What the task asks
Please repeat exactly the lines below from the one containing "SW75.1, U3.24 (GPIO18)" down to the one containing "SW84.1, U3.27 (GPIO21)", both included, and nothing else.

Task data
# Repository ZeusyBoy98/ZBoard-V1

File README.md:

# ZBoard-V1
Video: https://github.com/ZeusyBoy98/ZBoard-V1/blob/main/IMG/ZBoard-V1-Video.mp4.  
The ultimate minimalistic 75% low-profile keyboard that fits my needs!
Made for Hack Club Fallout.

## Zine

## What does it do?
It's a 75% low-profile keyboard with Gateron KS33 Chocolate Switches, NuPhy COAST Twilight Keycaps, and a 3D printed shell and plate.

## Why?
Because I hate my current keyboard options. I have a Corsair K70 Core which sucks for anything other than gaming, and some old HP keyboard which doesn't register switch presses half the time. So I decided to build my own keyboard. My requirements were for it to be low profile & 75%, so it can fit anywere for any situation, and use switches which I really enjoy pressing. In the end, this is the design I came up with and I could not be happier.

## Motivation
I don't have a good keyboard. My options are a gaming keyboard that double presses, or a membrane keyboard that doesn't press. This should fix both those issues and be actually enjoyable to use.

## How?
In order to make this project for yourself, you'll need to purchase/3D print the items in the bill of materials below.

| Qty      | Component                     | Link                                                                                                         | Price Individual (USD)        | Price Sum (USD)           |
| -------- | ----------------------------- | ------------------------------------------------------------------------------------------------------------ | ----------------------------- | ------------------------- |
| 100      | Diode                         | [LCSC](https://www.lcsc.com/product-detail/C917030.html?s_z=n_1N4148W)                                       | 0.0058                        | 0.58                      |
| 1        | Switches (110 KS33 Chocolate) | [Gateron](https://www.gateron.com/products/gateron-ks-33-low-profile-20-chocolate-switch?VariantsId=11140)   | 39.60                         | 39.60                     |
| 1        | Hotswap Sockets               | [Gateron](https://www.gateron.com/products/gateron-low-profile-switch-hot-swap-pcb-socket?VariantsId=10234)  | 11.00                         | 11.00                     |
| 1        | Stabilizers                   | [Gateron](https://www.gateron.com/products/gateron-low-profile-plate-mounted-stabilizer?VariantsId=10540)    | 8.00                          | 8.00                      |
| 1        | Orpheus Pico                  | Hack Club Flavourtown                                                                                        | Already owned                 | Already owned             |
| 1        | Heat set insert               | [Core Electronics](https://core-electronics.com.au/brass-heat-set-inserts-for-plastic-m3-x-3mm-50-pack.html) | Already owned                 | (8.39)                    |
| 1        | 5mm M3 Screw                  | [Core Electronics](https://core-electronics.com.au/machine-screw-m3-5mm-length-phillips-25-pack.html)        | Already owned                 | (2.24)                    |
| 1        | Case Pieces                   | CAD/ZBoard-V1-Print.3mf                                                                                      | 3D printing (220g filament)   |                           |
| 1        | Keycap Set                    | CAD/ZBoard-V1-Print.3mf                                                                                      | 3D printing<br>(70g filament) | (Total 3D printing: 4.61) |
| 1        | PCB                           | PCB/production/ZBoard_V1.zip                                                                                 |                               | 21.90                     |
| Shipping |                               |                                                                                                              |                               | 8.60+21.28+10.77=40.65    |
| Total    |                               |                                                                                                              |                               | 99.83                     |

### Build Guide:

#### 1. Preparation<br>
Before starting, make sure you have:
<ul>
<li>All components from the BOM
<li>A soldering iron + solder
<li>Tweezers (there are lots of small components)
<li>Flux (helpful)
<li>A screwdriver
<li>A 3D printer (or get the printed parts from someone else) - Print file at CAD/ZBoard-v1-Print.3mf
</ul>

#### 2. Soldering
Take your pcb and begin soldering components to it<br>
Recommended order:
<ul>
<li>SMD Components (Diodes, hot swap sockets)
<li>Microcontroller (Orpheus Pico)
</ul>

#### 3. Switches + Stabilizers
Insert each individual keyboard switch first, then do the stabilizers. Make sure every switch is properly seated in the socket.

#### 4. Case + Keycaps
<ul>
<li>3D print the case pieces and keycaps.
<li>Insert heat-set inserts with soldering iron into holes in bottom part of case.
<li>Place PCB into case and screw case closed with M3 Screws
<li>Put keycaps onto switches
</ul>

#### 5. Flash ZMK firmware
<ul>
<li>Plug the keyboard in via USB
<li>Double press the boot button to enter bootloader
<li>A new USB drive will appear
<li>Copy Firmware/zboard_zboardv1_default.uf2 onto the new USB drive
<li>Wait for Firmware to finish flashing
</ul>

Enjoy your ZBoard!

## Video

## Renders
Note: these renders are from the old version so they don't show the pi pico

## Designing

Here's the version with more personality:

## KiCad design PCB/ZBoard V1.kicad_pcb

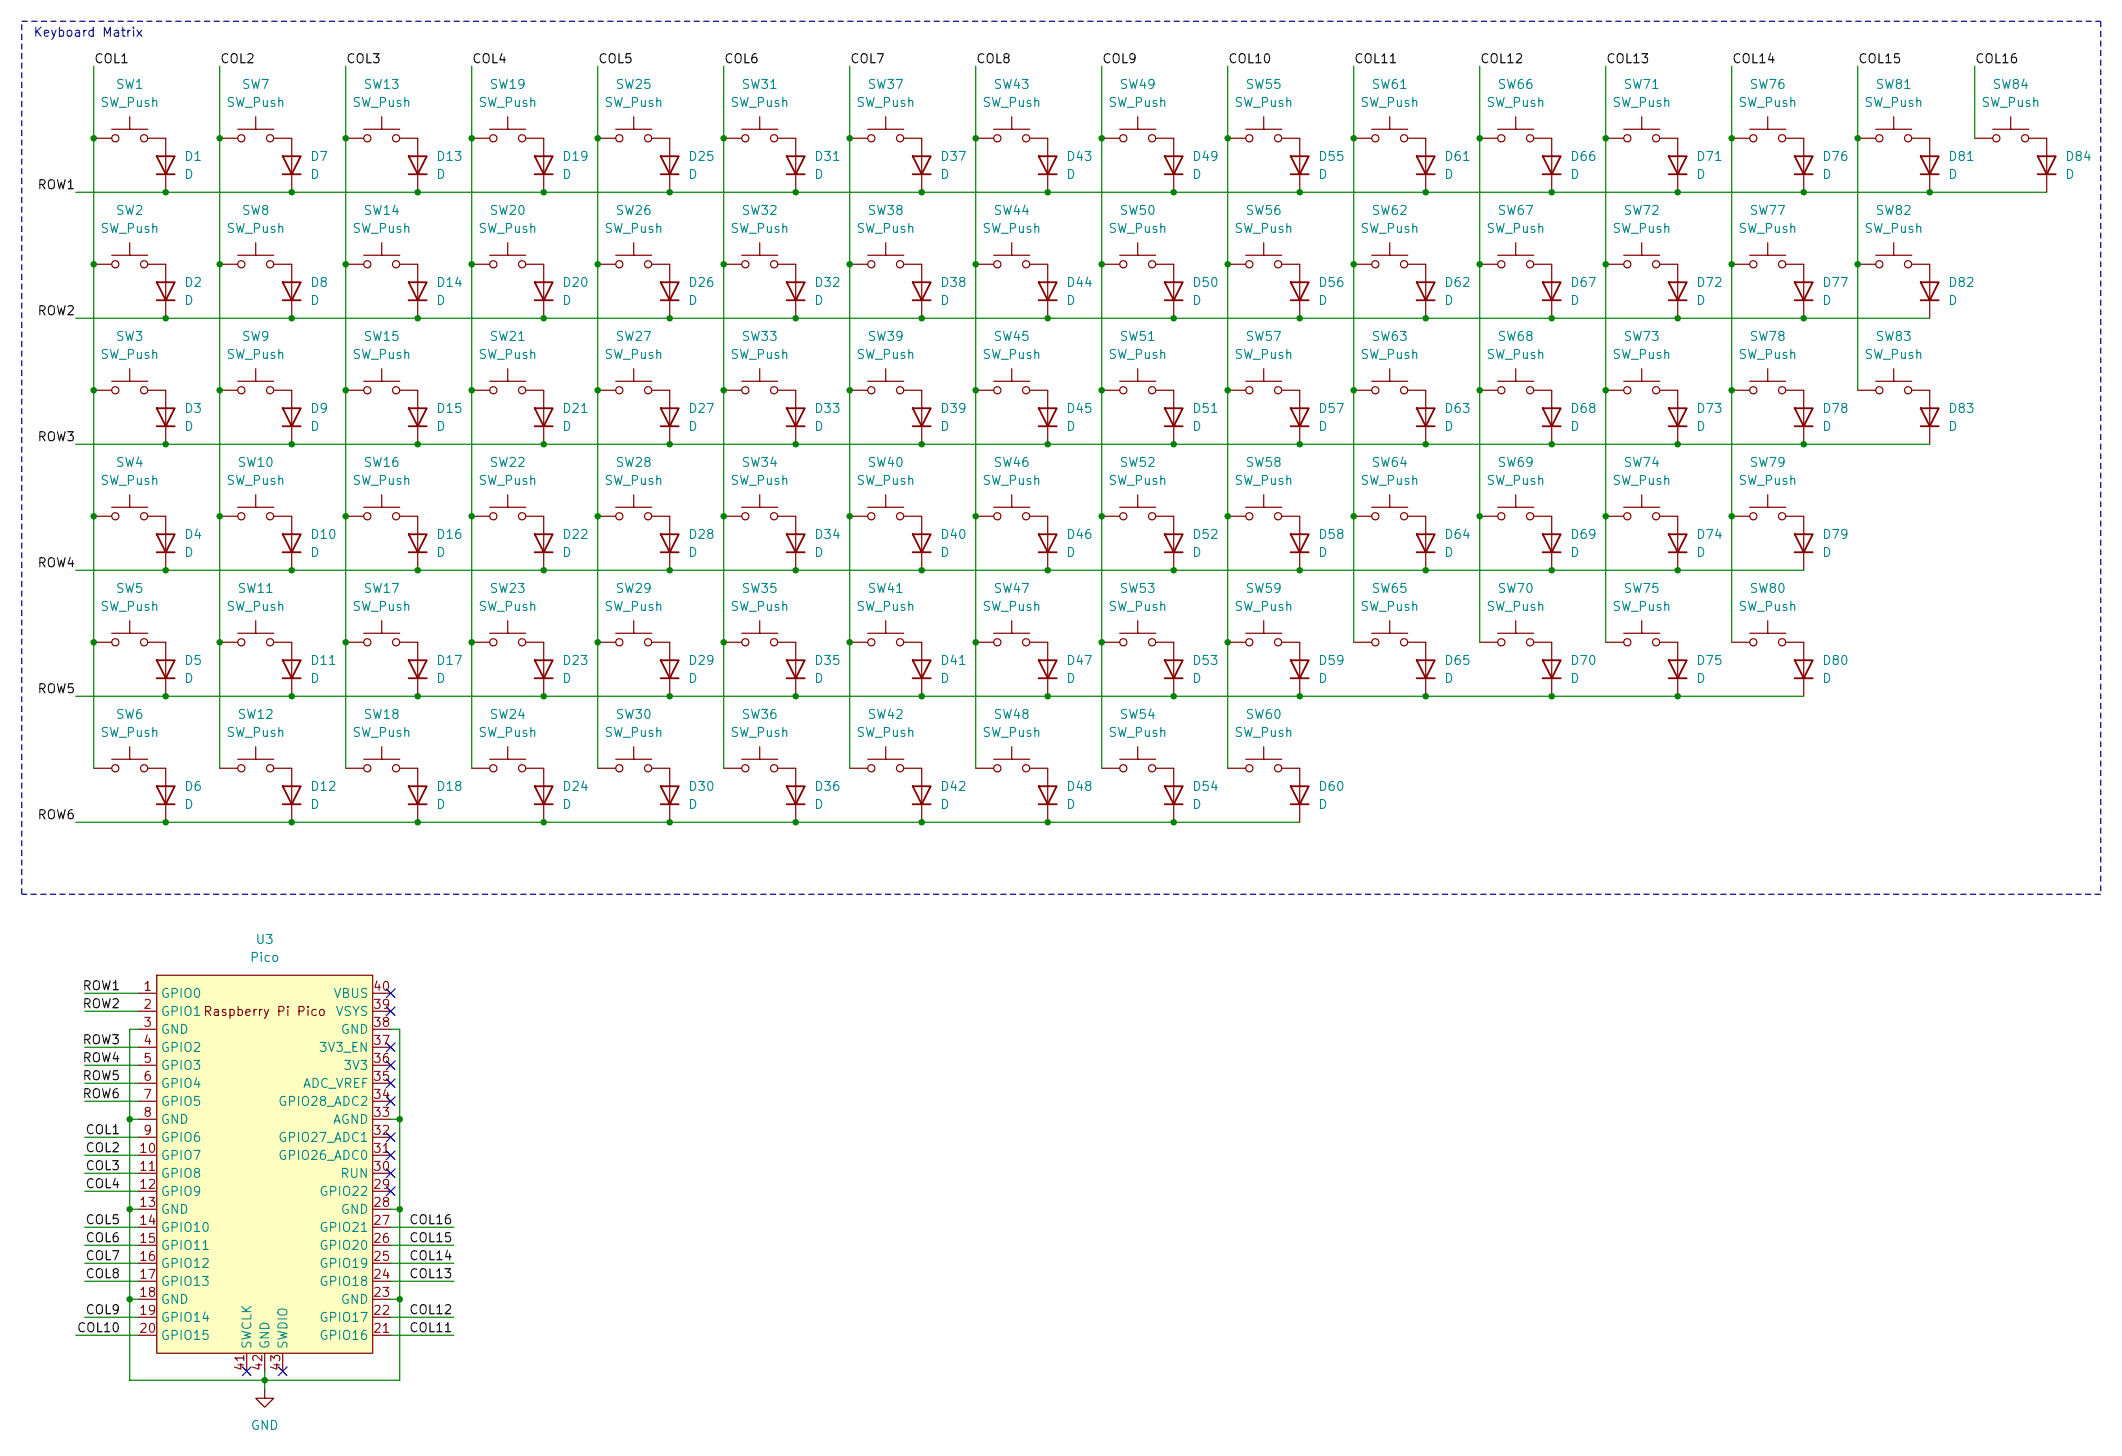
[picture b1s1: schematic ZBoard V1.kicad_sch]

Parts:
D1, D2, D3, D4, D5, D6, D7, D8, D9, D10, D11, D12, D13, D14, D15, D16, D17, D18, D19, D20, D21, D22, D23, D24, D25, D26, D27, D28, D29, D30, D31, D32, D33, D34, D35, D36, D37, D38, D39, D40, D41, D42, D43, D44, D45, D46, D47, D48, D49, D50, D51, D52, D53, D54, D55, D56, D57, D58, D59, D60, D61, D62, D63, D64, D65, D66, D67, D68, D69, D70, D71, D72, D73, D74, D75, D76, D77, D78, D79, D80, D81, D82, D83, D84: D; D_SOD-123
SW1, SW2, SW7, SW8, SW9, SW10, SW11, SW13, SW14, SW15, SW16, SW17, SW19, SW20, SW21, SW22, SW23, SW25, SW26, SW27, SW28, SW29, SW30, SW31, SW32, SW33, SW34, SW35, SW36, SW37, SW38, SW39, SW40, SW41, SW42, SW43, SW44, SW45, SW46, SW47, SW48, SW49, SW50, SW51, SW52, SW53, SW54, SW55, SW56, SW57, SW58, SW59, SW60, SW61, SW62, SW63, SW64, SW65, SW66, SW67, SW68, SW69, SW71, SW72, SW73, SW75, SW76, SW79, SW80, SW81, SW82, SW83, SW84: SW_Push; Gateron-KS33-Hotswap-1U
SW3, SW78: SW_Push; Gateron-KS33-Hotswap-1.5U
SW4, SW70: SW_Push; Gateron-KS33-Hotswap-1.75U
SW5, SW74: SW_Push; Gateron-KS33-Hotswap-2.25U
SW6, SW12, SW18: SW_Push; Gateron-KS33-Hotswap-1.25U
SW24: SW_Push; Gateron-KS33-Hotswap-6.25U
SW77: SW_Push; Gateron-KS33-Hotswap-2U
U3: Pico; RPi_Pico_SMD_TH

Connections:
/COL1: SW1.1, SW2.1, SW3.1, SW4.1, SW5.1, SW6.1, U3.9 (GPIO6)
/COL2: SW7.1, SW8.1, SW9.1, SW10.1, SW11.1, SW12.1, U3.10 (GPIO7)
/COL3: SW13.1, SW14.1, SW15.1, SW16.1, SW17.1, SW18.1, U3.11 (GPIO8)
/COL4: SW19.1, SW20.1, SW21.1, SW22.1, SW23.1, SW24.1, U3.12 (GPIO9)
/COL5: SW25.1, SW26.1, SW27.1, SW28.1, SW29.1, SW30.1, U3.14 (GPIO10)
/COL6: SW31.1, SW32.1, SW33.1, SW34.1, SW35.1, SW36.1, U3.15 (GPIO11)
/COL7: SW37.1, SW38.1, SW39.1, SW40.1, SW41.1, SW42.1, U3.16 (GPIO12)
/COL8: SW43.1, SW44.1, SW45.1, SW46.1, SW47.1, SW48.1, U3.17 (GPIO13)
/COL9: SW49.1, SW50.1, SW51.1, SW52.1, SW53.1, SW54.1, U3.19 (GPIO14)
/COL10: SW55.1, SW56.1, SW57.1, SW58.1, SW59.1, SW60.1, U3.20 (GPIO15)
/COL11: SW61.1, SW62.1, SW63.1, SW64.1, SW65.1, U3.21 (GPIO16)
/COL12: SW66.1, SW67.1, SW68.1, SW69.1, SW70.1, U3.22 (GPIO17)
/COL13: SW71.1, SW72.1, SW73.1, SW74.1, SW75.1, U3.24 (GPIO18)
/COL14: SW76.1, SW77.1, SW78.1, SW79.1, SW80.1, U3.25 (GPIO19)
/COL15: SW81.1, SW82.1, SW83.1, U3.26 (GPIO20)
/COL16: SW84.1, U3.27 (GPIO21)
/ROW1: D1.1 (K), D7.1 (K), D13.1 (K), D19.1 (K), D25.1 (K), D31.1 (K), D37.1 (K), D43.1 (K), D49.1 (K), D55.1 (K), D61.1 (K), D66.1 (K), D71.1 (K), D76.1 (K), D81.1 (K), D84.1 (K), U3.1 (GPIO0)
/ROW2: D2.1 (K), D8.1 (K), D14.1 (K), D20.1 (K), D26.1 (K), D32.1 (K), D38.1 (K), D44.1 (K), D50.1 (K), D56.1 (K), D62.1 (K), D67.1 (K), D72.1 (K), D77.1 (K), D82.1 (K), U3.2 (GPIO1)
/ROW3: D3.1 (K), D9.1 (K), D15.1 (K), D21.1 (K), D27.1 (K), D33.1 (K), D39.1 (K), D45.1 (K), D51.1 (K), D57.1 (K), D63.1 (K), D68.1 (K), D73.1 (K), D78.1 (K), D83.1 (K), U3.4 (GPIO2)
/ROW4: D4.1 (K), D10.1 (K), D16.1 (K), D22.1 (K), D28.1 (K), D34.1 (K), D40.1 (K), D46.1 (K), D52.1 (K), D58.1 (K), D64.1 (K), D69.1 (K), D74.1 (K), D79.1 (K), U3.5 (GPIO3)
/ROW5: D5.1 (K), D11.1 (K), D17.1 (K), D23.1 (K), D29.1 (K), D35.1 (K), D41.1 (K), D47.1 (K), D53.1 (K), D59.1 (K), D65.1 (K), D70.1 (K), D75.1 (K), D80.1 (K), U3.6 (GPIO4)
/ROW6: D6.1 (K), D12.1 (K), D18.1 (K), D24.1 (K), D30.1 (K), D36.1 (K), D42.1 (K), D48.1 (K), D54.1 (K), D60.1 (K), U3.7 (GPIO5)
GND: U3.3 (GND), U3.8 (GND), U3.13 (GND), U3.18 (GND), U3.23 (GND), U3.28 (GND), U3.33 (AGND), U3.38 (GND), U3.42 (GND)
unnamed: D1.2 (A), SW1.2
unnamed: D2.2 (A), SW2.2
unnamed: D3.2 (A), SW3.2
unnamed: D4.2 (A), SW4.2
unnamed: D5.2 (A), SW5.2
unnamed: D6.2 (A), SW6.2
unnamed: D7.2 (A), SW7.2
unnamed: D8.2 (A), SW8.2
unnamed: D9.2 (A), SW9.2
unnamed: D10.2 (A), SW10.2
unnamed: D11.2 (A), SW11.2
unnamed: D12.2 (A), SW12.2
unnamed: D13.2 (A), SW13.2
unnamed: D14.2 (A), SW14.2
unnamed: D15.2 (A), SW15.2
unnamed: D16.2 (A), SW16.2
unnamed: D17.2 (A), SW17.2
unnamed: D18.2 (A), SW18.2
unnamed: D19.2 (A), SW19.2
unnamed: D20.2 (A), SW20.2
unnamed: D21.2 (A), SW21.2
unnamed: D22.2 (A), SW22.2
unnamed: D23.2 (A), SW23.2
unnamed: D24.2 (A), SW24.2
unnamed: D25.2 (A), SW25.2
unnamed: D26.2 (A), SW26.2
unnamed: D27.2 (A), SW27.2
unnamed: D28.2 (A), SW28.2
unnamed: D29.2 (A), SW29.2
unnamed: D30.2 (A), SW30.2
unnamed: D31.2 (A), SW31.2
unnamed: D32.2 (A), SW32.2
unnamed: D33.2 (A), SW33.2
unnamed: D34.2 (A), SW34.2
unnamed: D35.2 (A), SW35.2
unnamed: D36.2 (A), SW36.2
unnamed: D37.2 (A), SW37.2
unnamed: D38.2 (A), SW38.2
unnamed: D39.2 (A), SW39.2
unnamed: D40.2 (A), SW40.2
unnamed: D41.2 (A), SW41.2
unnamed: D42.2 (A), SW42.2
unnamed: D43.2 (A), SW43.2
unnamed: D44.2 (A), SW44.2
unnamed: D45.2 (A), SW45.2
unnamed: D46.2 (A), SW46.2
unnamed: D47.2 (A), SW47.2
unnamed: D48.2 (A), SW48.2
unnamed: D49.2 (A), SW49.2
unnamed: D50.2 (A), SW50.2
unnamed: D51.2 (A), SW51.2
unnamed: D52.2 (A), SW52.2
unnamed: D53.2 (A), SW53.2
unnamed: D54.2 (A), SW54.2
unnamed: D55.2 (A), SW55.2
unnamed: D56.2 (A), SW56.2
unnamed: D57.2 (A), SW57.2
unnamed: D58.2 (A), SW58.2
unnamed: D59.2 (A), SW59.2
unnamed: D60.2 (A), SW60.2
unnamed: D61.2 (A), SW61.2
unnamed: D62.2 (A), SW62.2
unnamed: D63.2 (A), SW63.2
unnamed: D64.2 (A), SW64.2
unnamed: D65.2 (A), SW65.2
unnamed: D66.2 (A), SW66.2
unnamed: D67.2 (A), SW67.2
unnamed: D68.2 (A), SW68.2
unnamed: D69.2 (A), SW69.2
unnamed: D70.2 (A), SW70.2
unnamed: D71.2 (A), SW71.2
unnamed: D72.2 (A), SW72.2
unnamed: D73.2 (A), SW73.2
unnamed: D74.2 (A), SW74.2
unnamed: D75.2 (A), SW75.2
unnamed: D76.2 (A), SW76.2
unnamed: D77.2 (A), SW77.2
unnamed: D78.2 (A), SW78.2
unnamed: D79.2 (A), SW79.2
unnamed: D80.2 (A), SW80.2
unnamed: D81.2 (A), SW81.2
unnamed: D82.2 (A), SW82.2
unnamed: D83.2 (A), SW83.2
unnamed: D84.2 (A), SW84.2

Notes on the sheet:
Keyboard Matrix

Answer box
/COL13: SW71.1, SW72.1, SW73.1, SW74.1, SW75.1, U3.24 (GPIO18)
/COL14: SW76.1, SW77.1, SW78.1, SW79.1, SW80.1, U3.25 (GPIO19)
/COL15: SW81.1, SW82.1, SW83.1, U3.26 (GPIO20)
/COL16: SW84.1, U3.27 (GPIO21)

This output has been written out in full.